Chefs Cortney Burns and Nick Balla, of San Francisco's Bar Tartine, madly experiment with ancient techniques in their Valencia Street restaurant, which also serves as a sort of ideas lab that focuses on pushing food to the most abstract territory. In November, the fermentation-obsessed duo of one of San Francisco's most celebrated restaurants will publish their book Bar Tartine — an homage to the experiments, ideas and recipes concocted by the imaginations of two chefs who consistently cook at their peek creative thresholds. We talked to Cortney Burns about the provocativeness of lacto-fermentation, her dream to open a restaurant in the woods, and the occasional exploding jar of over-active fruit paste.
Vegetables seem to be having a moment lately and your book embodies this spirit. Why do you think vegetables are taking center stage?
There's a multi-layered reason. In the San Francisco Bay area, there are so many talented farmers who are able to work their land all year round that we inherently end up with a plethora of vegetables to work with. This sort of abundance lends itself to products that take center stage on our plates. I also think that people in general are more aware of the impact that meat production takes on our environment and so we are eating less meat here as a result.
"Layering flavor" is a term you frequently use in conversations about food. What do you mean by it and how do you achieve it?
We build dishes with sauces as bases, and dashi as that base. We work with strong flavors and layer in ingredients in their dried state — a flavor concentration, and also in their fresh state. By using a single ingredient a few different ways we are able to show its many sides and highlight its range of aromas. We don’t aim to layer, we just end up layering as a way for us to build flavor. We want the right amount of fat, salt and acid in every bite so we just work to achieve it until it’s right.

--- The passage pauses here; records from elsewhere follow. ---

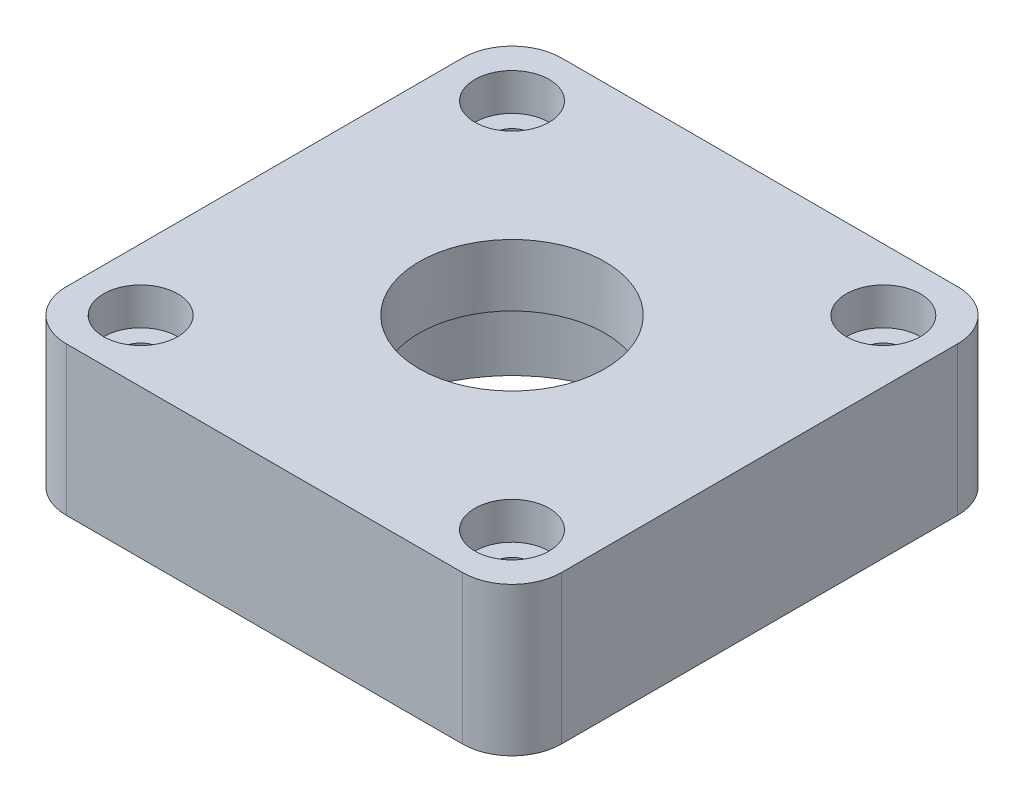
ISO-10303-21;
HEADER;
FILE_DESCRIPTION(('STEP AP214'),'2;1');
FILE_NAME('part.step','',(''),(''),'','','');
FILE_SCHEMA(('AUTOMOTIVE_DESIGN { 1 0 10303 214 1 1 1 1 }'));
ENDSEC;
DATA;
#1=APPLICATION_CONTEXT('core data for automotive mechanical design processes');
#2=APPLICATION_PROTOCOL_DEFINITION('international standard','automotive_design',2000,#1);
#3=PRODUCT_CONTEXT('',#1,'mechanical');
#4=PRODUCT('Part','Part','',(#3));
#5=PRODUCT_RELATED_PRODUCT_CATEGORY('part','',(#4));
#6=PRODUCT_DEFINITION_FORMATION('','',#4);
#7=PRODUCT_DEFINITION_CONTEXT('part definition',#1,'design');
#8=PRODUCT_DEFINITION('design','',#6,#7);
#9=PRODUCT_DEFINITION_SHAPE('','',#8);
#10=(LENGTH_UNIT() NAMED_UNIT(*) SI_UNIT(.MILLI.,.METRE.));
#11=(NAMED_UNIT(*) PLANE_ANGLE_UNIT() SI_UNIT($,.RADIAN.));
#12=(NAMED_UNIT(*) SI_UNIT($,.STERADIAN.) SOLID_ANGLE_UNIT());
#13=UNCERTAINTY_MEASURE_WITH_UNIT(LENGTH_MEASURE(1.E-05),#10,'distance_accuracy_value','');
#14=(GEOMETRIC_REPRESENTATION_CONTEXT(3) GLOBAL_UNCERTAINTY_ASSIGNED_CONTEXT((#13)) GLOBAL_UNIT_ASSIGNED_CONTEXT((#10,
#11,#12)) REPRESENTATION_CONTEXT('',''));
#15=CARTESIAN_POINT('',(0.,0.,0.));
#16=DIRECTION('',(0.,0.,1.));
#17=DIRECTION('',(1.,0.,0.));
#18=AXIS2_PLACEMENT_3D('',#15,#16,#17);
#19=CARTESIAN_POINT('',(15.,0.,-15.));
#20=DIRECTION('',(0.,1.,0.));
#21=DIRECTION('',(0.,0.,1.));
#22=AXIS2_PLACEMENT_3D('',#19,#20,#21);
#23=CYLINDRICAL_SURFACE('',#22,1.5);
#24=CARTESIAN_POINT('',(15.,0.,-15.));
#25=DIRECTION('',(0.,1.,0.));
#26=DIRECTION('',(0.,0.,-1.));
#27=AXIS2_PLACEMENT_3D('',#24,#25,#26);
#28=CIRCLE('',#27,1.5);
#29=CARTESIAN_POINT('',(15.,0.,-16.5));
#30=VERTEX_POINT('',#29);
#31=EDGE_CURVE('E190',#30,#30,#28,.T.);
#32=ORIENTED_EDGE('',*,*,#31,.F.);
#33=EDGE_LOOP('',(#32));
#34=FACE_BOUND('',#33,.T.);
#35=CARTESIAN_POINT('',(15.,9.,-15.));
#36=DIRECTION('',(0.,1.,0.));
#37=DIRECTION('',(0.,0.,1.));
#38=AXIS2_PLACEMENT_3D('',#35,#36,#37);
#39=CIRCLE('',#38,1.5);
#40=CARTESIAN_POINT('',(15.,9.,-13.5));
#41=VERTEX_POINT('',#40);
#42=EDGE_CURVE('E176',#41,#41,#39,.F.);
#43=ORIENTED_EDGE('',*,*,#42,.F.);
#44=EDGE_LOOP('',(#43));
#45=FACE_BOUND('',#44,.T.);
#46=ADVANCED_FACE('F37',(#34,#45),#23,.F.);
#47=CARTESIAN_POINT('',(-15.,0.,15.));
#48=DIRECTION('',(0.,1.,0.));
#49=DIRECTION('',(0.,0.,1.));
#50=AXIS2_PLACEMENT_3D('',#47,#48,#49);
#51=CYLINDRICAL_SURFACE('',#50,1.5);
#52=CARTESIAN_POINT('',(-15.,0.,15.));
#53=DIRECTION('',(0.,1.,0.));
#54=DIRECTION('',(0.,0.,-1.));
#55=AXIS2_PLACEMENT_3D('',#52,#53,#54);
#56=CIRCLE('',#55,1.5);
#57=CARTESIAN_POINT('',(-15.,0.,13.5));
#58=VERTEX_POINT('',#57);
#59=EDGE_CURVE('E181',#58,#58,#56,.T.);
#60=ORIENTED_EDGE('',*,*,#59,.F.);
#61=EDGE_LOOP('',(#60));
#62=FACE_BOUND('',#61,.T.);
#63=CARTESIAN_POINT('',(-15.,9.,15.));
#64=DIRECTION('',(0.,1.,0.));
#65=DIRECTION('',(0.,0.,1.));
#66=AXIS2_PLACEMENT_3D('',#63,#64,#65);
#67=CIRCLE('',#66,1.5);
#68=CARTESIAN_POINT('',(-15.,9.,16.5));
#69=VERTEX_POINT('',#68);
#70=EDGE_CURVE('E170',#69,#69,#67,.F.);
#71=ORIENTED_EDGE('',*,*,#70,.F.);
#72=EDGE_LOOP('',(#71));
#73=FACE_BOUND('',#72,.T.);
#74=ADVANCED_FACE('F236',(#62,#73),#51,.F.);
#75=CARTESIAN_POINT('',(20.,12.,-20.));
#76=DIRECTION('',(-1.,0.,0.));
#77=DIRECTION('',(0.,0.,1.));
#78=AXIS2_PLACEMENT_3D('',#75,#76,#77);
#79=PLANE('',#78);
#80=DIRECTION('',(0.,0.,-1.));
#81=VECTOR('',#80,1.);
#82=CARTESIAN_POINT('',(20.,0.,-20.));
#83=LINE('',#82,#81);
#84=CARTESIAN_POINT('',(20.,0.,16.));
#85=VERTEX_POINT('',#84);
#86=CARTESIAN_POINT('',(20.,0.,-16.));
#87=VERTEX_POINT('',#86);
#88=EDGE_CURVE('E132',#85,#87,#83,.T.);
#89=ORIENTED_EDGE('',*,*,#88,.T.);
#90=DIRECTION('',(0.,-1.,0.));
#91=VECTOR('',#90,1.);
#92=CARTESIAN_POINT('',(20.,12.,-16.));
#93=LINE('',#92,#91);
#94=CARTESIAN_POINT('',(20.,12.,-16.));
#95=VERTEX_POINT('',#94);
#96=EDGE_CURVE('E110',#87,#95,#93,.F.);
#97=ORIENTED_EDGE('',*,*,#96,.T.);
#98=DIRECTION('',(0.,0.,-1.));
#99=VECTOR('',#98,1.);
#100=CARTESIAN_POINT('',(20.,12.,-20.));
#101=LINE('',#100,#99);
#102=CARTESIAN_POINT('',(20.,12.,16.));
#103=VERTEX_POINT('',#102);
#104=EDGE_CURVE('E142',#103,#95,#101,.T.);
#105=ORIENTED_EDGE('',*,*,#104,.F.);
#106=DIRECTION('',(0.,-1.,0.));
#107=VECTOR('',#106,1.);
#108=CARTESIAN_POINT('',(20.,12.,16.));
#109=LINE('',#108,#107);
#110=EDGE_CURVE('E115',#103,#85,#109,.T.);
#111=ORIENTED_EDGE('',*,*,#110,.T.);
#112=EDGE_LOOP('',(#89,#97,#105,#111));
#113=FACE_BOUND('',#112,.T.);
#114=ADVANCED_FACE('F214',(#113),#79,.F.);
#115=CARTESIAN_POINT('',(-20.,12.,-20.));
#116=DIRECTION('',(0.,0.,1.));
#117=DIRECTION('',(1.,0.,0.));
#118=AXIS2_PLACEMENT_3D('',#115,#116,#117);
#119=PLANE('',#118);
#120=DIRECTION('',(-1.,0.,0.));
#121=VECTOR('',#120,1.);
#122=CARTESIAN_POINT('',(-20.,12.,-20.));
#123=LINE('',#122,#121);
#124=CARTESIAN_POINT('',(16.,12.,-20.));
#125=VERTEX_POINT('',#124);
#126=CARTESIAN_POINT('',(-16.,12.,-20.));
#127=VERTEX_POINT('',#126);
#128=EDGE_CURVE('E125',#125,#127,#123,.T.);
#129=ORIENTED_EDGE('',*,*,#128,.F.);
#130=DIRECTION('',(0.,-1.,0.));
#131=VECTOR('',#130,1.);
#132=CARTESIAN_POINT('',(16.,12.,-20.));
#133=LINE('',#132,#131);
#134=CARTESIAN_POINT('',(16.,0.,-20.));
#135=VERTEX_POINT('',#134);
#136=EDGE_CURVE('E109',#125,#135,#133,.T.);
#137=ORIENTED_EDGE('',*,*,#136,.T.);
#138=DIRECTION('',(-1.,0.,0.));
#139=VECTOR('',#138,1.);
#140=CARTESIAN_POINT('',(-20.,0.,-20.));
#141=LINE('',#140,#139);
#142=CARTESIAN_POINT('',(-16.,0.,-20.));
#143=VERTEX_POINT('',#142);
#144=EDGE_CURVE('E122',#135,#143,#141,.T.);
#145=ORIENTED_EDGE('',*,*,#144,.T.);
#146=DIRECTION('',(0.,-1.,0.));
#147=VECTOR('',#146,1.);
#148=CARTESIAN_POINT('',(-16.,12.,-20.));
#149=LINE('',#148,#147);
#150=EDGE_CURVE('E127',#143,#127,#149,.F.);
#151=ORIENTED_EDGE('',*,*,#150,.T.);
#152=EDGE_LOOP('',(#129,#137,#145,#151));
#153=FACE_BOUND('',#152,.T.);
#154=ADVANCED_FACE('F121',(#153),#119,.F.);
#155=CARTESIAN_POINT('',(-20.,12.,-20.));
#156=DIRECTION('',(1.,0.,0.));
#157=DIRECTION('',(0.,0.,-1.));
#158=AXIS2_PLACEMENT_3D('',#155,#156,#157);
#159=PLANE('',#158);
#160=DIRECTION('',(0.,0.,1.));
#161=VECTOR('',#160,1.);
#162=CARTESIAN_POINT('',(-20.,12.,-20.));
#163=LINE('',#162,#161);
#164=CARTESIAN_POINT('',(-20.,12.,-16.));
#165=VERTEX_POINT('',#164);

Is there a classic example of this that home cooks have been unknowingly doing?
Home cooks who use bouillon are layering in flavor. It’s a short cut, but an efficient one. Any use of onion and garlic powder is a quick way to layer flavor.
In your lab you've almost got a mad scientist thing happening with all of your experiments and projects. Why the obsession with techniques such as fermentation, and what are some of the most exciting things you discovered while writing the book?
We love fermented flavors; they allow us to capture the aroma of lactic acid in a way that is otherwise unattainable. It’s sour, it’s deep and it’s delicious. Not to mention how good it is for you. We believe that fermented foods are meant to be eaten in everyday situations and that their flavors are a way to layer sour naturally into food.
Anything you're pickling lately that is atypical?
We have been fermenting a lot of fresh seeds and berries to act like capers — fresh fennel seeds, green elderberries, nasturtium pods, onion buds, fresh dill seeds, just to name a few.
Bar Tartine doesn’t seem to fit into any particular restaurant category. How would you define it?
We cook food we want to eat, to satisfy our bodies and our minds, and we make everything we can from scratch.
Any epic failures you care to divulge?
No epic failures as of late, just overactive ferments going everywhere — chili paste explosions all over the tables and exploding jars of fruit pastes that are alive and active.
You travel extensively. Which countries do you think have the most interesting fermentation and pickling traditions and what recipes have recent travels inspired?
Japan does amazing things with fermented foods. We are continually inspired by what goes on there. We haven’t been away much as of late, however we recently were introduced to an olive-mustard green condiment from China that we are exploring.
What is one of your favorite pickling or fermentation recipes included in the book?
I could eat the fermented mustard greens and beef tendon with chile oil at every meal.
How did you balance life at the restaurant while writing the book? And how did the writing process inform your cooking at Bar Tartine?
It’s been a bit crazy lately. We really just want to be cooking, so even though we are grateful to have been given the opportunity to write the book, we just want to be in the kitchen. Computers are not for us. It was more of an opposite reaction: cooking informed the book, we kept changing things as we played, and learned. We never stop learning new ways to do old things. We keep perfecting things and at some point you just had to stop writing.
How has the restaurant scene evolved in San Francisco in the past few years?
Diners are willing to order things a little bit out of their comfort zones. but the food still has to be delicious and somehow based on something understood.
What are some of the most noticeable changes?
There a lot of restaurants here right now. It’s a whole culture here, and people eat out like it’s a hobby.
Do you ever see yourself opening a restaurant anywhere but the Bay Area?
Perhaps somewhere far away in the woods where it’s quiet. That would be amazing.